De injusticia, bancos e hipotecas
El ciudadano lo percibe como una injusticia; más
aún, como una burla. La actuación del Tribunal Supremo respecto de la sentencia
sobre el impuesto de actos jurídicos documentados aplicado a las hipotecas echa
más leña al fuego de la indignación de quienes todavía nos hallamos
convalecientes tras el último y cuasiapocalíptico crac financiero.
Ante la enésima injusticia –aunque únicamente
fuese procedimental– esta vez de una institución primordial en un estado de
derecho, las gentes endeudadas sienten más que piensan.

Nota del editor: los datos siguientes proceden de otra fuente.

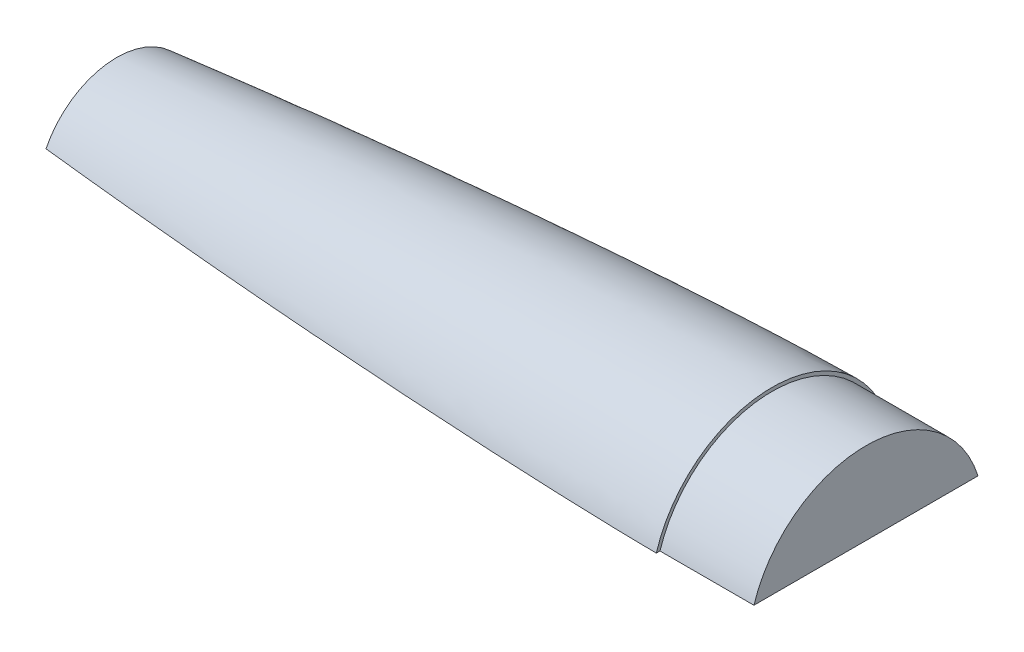
ISO-10303-21;
HEADER;
FILE_DESCRIPTION(('STEP AP214'),'2;1');
FILE_NAME('part.step','',(''),(''),'','','');
FILE_SCHEMA(('AUTOMOTIVE_DESIGN { 1 0 10303 214 1 1 1 1 }'));
ENDSEC;
DATA;
#1=APPLICATION_CONTEXT('core data for automotive mechanical design processes');
#2=APPLICATION_PROTOCOL_DEFINITION('international standard','automotive_design',2000,#1);
#3=PRODUCT_CONTEXT('',#1,'mechanical');
#4=PRODUCT('Part','Part','',(#3));
#5=PRODUCT_RELATED_PRODUCT_CATEGORY('part','',(#4));
#6=PRODUCT_DEFINITION_FORMATION('','',#4);
#7=PRODUCT_DEFINITION_CONTEXT('part definition',#1,'design');
#8=PRODUCT_DEFINITION('design','',#6,#7);
#9=PRODUCT_DEFINITION_SHAPE('','',#8);
#10=(LENGTH_UNIT() NAMED_UNIT(*) SI_UNIT(.MILLI.,.METRE.));
#11=(NAMED_UNIT(*) PLANE_ANGLE_UNIT() SI_UNIT($,.RADIAN.));
#12=(NAMED_UNIT(*) SI_UNIT($,.STERADIAN.) SOLID_ANGLE_UNIT());
#13=UNCERTAINTY_MEASURE_WITH_UNIT(LENGTH_MEASURE(1.E-05),#10,'distance_accuracy_value','');
#14=(GEOMETRIC_REPRESENTATION_CONTEXT(3) GLOBAL_UNCERTAINTY_ASSIGNED_CONTEXT((#13)) GLOBAL_UNIT_ASSIGNED_CONTEXT((#10,
#11,#12)) REPRESENTATION_CONTEXT('',''));
#15=CARTESIAN_POINT('',(0.,0.,0.));
#16=DIRECTION('',(0.,0.,1.));
#17=DIRECTION('',(1.,0.,0.));
#18=AXIS2_PLACEMENT_3D('',#15,#16,#17);
#19=CARTESIAN_POINT('',(685.8,63.5,0.));
#20=DIRECTION('',(-1.,0.,0.));
#21=DIRECTION('',(0.,0.,1.));
#22=AXIS2_PLACEMENT_3D('',#19,#20,#21);
#23=PLANE('',#22);
#24=DIRECTION('',(0.,0.,-1.));
#25=VECTOR('',#24,1.);
#26=CARTESIAN_POINT('',(685.8,19.05,0.));
#27=LINE('',#26,#25);
#28=CARTESIAN_POINT('',(685.8,19.05,60.5751392899761));
#29=VERTEX_POINT('',#28);
#30=CARTESIAN_POINT('',(685.8,19.05,-60.5751392899761));
#31=VERTEX_POINT('',#30);
#32=EDGE_CURVE('E80',#29,#31,#27,.T.);
#33=ORIENTED_EDGE('',*,*,#32,.T.);
#34=CARTESIAN_POINT('',(685.8,0.,0.));
#35=DIRECTION('',(-1.,0.,0.));
#36=DIRECTION('',(0.,0.,1.));
#37=AXIS2_PLACEMENT_3D('',#34,#35,#36);
#38=CIRCLE('',#37,63.5);
#39=EDGE_CURVE('E90',#29,#31,#38,.T.);
#40=ORIENTED_EDGE('',*,*,#39,.F.);
#41=EDGE_LOOP('',(#33,#40));
#42=FACE_BOUND('',#41,.T.);
#43=ADVANCED_FACE('F41',(#42),#23,.F.);
#44=CARTESIAN_POINT('',(0.,0.,0.));
#45=DIRECTION('',(-1.,0.,0.));
#46=DIRECTION('',(0.,0.,1.));
#47=AXIS2_PLACEMENT_3D('',#44,#45,#46);
#48=CYLINDRICAL_SURFACE('',#47,63.5);
#49=DIRECTION('',(-1.,0.,0.));
#50=VECTOR('',#49,1.);
#51=CARTESIAN_POINT('',(0.,19.05,60.5751392899761));
#52=LINE('',#51,#50);
#53=CARTESIAN_POINT('',(635.,19.05,60.5751392899761));
#54=VERTEX_POINT('',#53);
#55=EDGE_CURVE('E83',#29,#54,#52,.T.);
#56=ORIENTED_EDGE('',*,*,#55,.F.);
#57=ORIENTED_EDGE('',*,*,#39,.T.);
#58=DIRECTION('',(-1.,0.,0.));
#59=VECTOR('',#58,1.);
#60=CARTESIAN_POINT('',(0.,19.05,-60.5751392899761));
#61=LINE('',#60,#59);
#62=CARTESIAN_POINT('',(635.,19.05,-60.5751392899761));
#63=VERTEX_POINT('',#62);
#64=EDGE_CURVE('E86',#63,#31,#61,.F.);
#65=ORIENTED_EDGE('',*,*,#64,.F.);
#66=CARTESIAN_POINT('',(635.,0.,0.));
#67=DIRECTION('',(-1.,0.,0.));
#68=DIRECTION('',(0.,0.,1.));
#69=AXIS2_PLACEMENT_3D('',#66,#67,#68);
#70=CIRCLE('',#69,63.5);
#71=EDGE_CURVE('E96',#54,#63,#70,.T.);
#72=ORIENTED_EDGE('',*,*,#71,.F.);
#73=EDGE_LOOP('',(#56,#57,#65,#72));
#74=FACE_BOUND('',#73,.T.);
#75=ADVANCED_FACE('F94',(#74),#48,.T.);
#76=CARTESIAN_POINT('',(635.,63.5,0.));
#77=DIRECTION('',(-1.,0.,0.));
#78=DIRECTION('',(0.,0.,1.));
#79=AXIS2_PLACEMENT_3D('',#76,#77,#78);
#80=PLANE('',#79);
#81=DIRECTION('',(0.,0.,1.));
#82=VECTOR('',#81,1.);
#83=CARTESIAN_POINT('',(635.,19.05,0.));
#84=LINE('',#83,#82);
#85=CARTESIAN_POINT('',(635.,19.05,-62.5692538312549));
#86=VERTEX_POINT('',#85);
#87=EDGE_CURVE('E113',#86,#63,#84,.T.);
#88=ORIENTED_EDGE('',*,*,#87,.F.);
#89=CARTESIAN_POINT('',(635.,0.,0.));
#90=DIRECTION('',(-1.,0.,0.));
#91=DIRECTION('',(0.,0.,1.));
#92=AXIS2_PLACEMENT_3D('',#89,#90,#91);
#93=CIRCLE('',#92,65.405);
#94=CARTESIAN_POINT('',(635.,19.05,62.5692538312549));
#95=VERTEX_POINT('',#94);
#96=EDGE_CURVE('E53',#95,#86,#93,.T.);
#97=ORIENTED_EDGE('',*,*,#96,.F.);
#98=EDGE_CURVE('E97',#54,#95,#84,.T.);
#99=ORIENTED_EDGE('',*,*,#98,.F.);
#100=ORIENTED_EDGE('',*,*,#71,.T.);
#101=EDGE_LOOP('',(#88,#97,#99,#100));
#102=FACE_BOUND('',#101,.T.);
#103=ADVANCED_FACE('F120',(#102),#80,.F.);
#104=CARTESIAN_POINT('',(279.4,19.05,0.));
#105=DIRECTION('',(0.,-1.,0.));
#106=DIRECTION('',(0.,0.,-1.));
#107=AXIS2_PLACEMENT_3D('',#104,#105,#106);
#108=PLANE('',#107);
#109=DIRECTION('',(0.,0.,1.));
#110=VECTOR('',#109,1.);
#111=CARTESIAN_POINT('',(280.67,19.05,0.));
#112=LINE('',#111,#110);
#113=CARTESIAN_POINT('',(280.67,19.05,-38.2205203294032));
#114=VERTEX_POINT('',#113);
#115=CARTESIAN_POINT('',(280.67,19.05,38.2205203294032));
#116=VERTEX_POINT('',#115);
#117=EDGE_CURVE('E11',#114,#116,#112,.T.);
#118=ORIENTED_EDGE('',*,*,#117,.F.);
#119=CARTESIAN_POINT('',(279.4,19.05,-38.0787468146542));
#120=CARTESIAN_POINT('',(281.962941840319,19.05,-38.3653148698022));
#121=CARTESIAN_POINT('',(284.52619313829,19.05,-38.6491115880142));
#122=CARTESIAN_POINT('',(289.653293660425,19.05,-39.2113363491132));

Y una ciudadanía que
siente herida su dignidad puede por esa herida contraer cualquier infección que
a la postre puede ser letal para el espíritu democrático sin el cual queda la
democracia reducida a una cáscara retórica desvinculada de la verdad.
Lo ocurrido estos últimos días con la susodicha sentencia, así
como lo sabido tras la novedad legislativa impuesta desde el ejecutivo sobre la
probable reacción de los bancos que llevaría a encarecer las hipotecas, me trae
a la mente las palabras de Dante ante la misma boca del infierno tal como
aparecen en su inmortal Divina Comedia:
«Abandonad toda esperanza quienes aquí entráis».
¿Sería muy exagerado que los bancos colocaran esta frase
literaria en el frontispicio de todas sus sucursales? ¿Es el rasgo definitorio
de nuestra flamante economía global siglo XXI lo que el historiador y economista
libanés Georges Corm llama «fetichismo monetarista»? .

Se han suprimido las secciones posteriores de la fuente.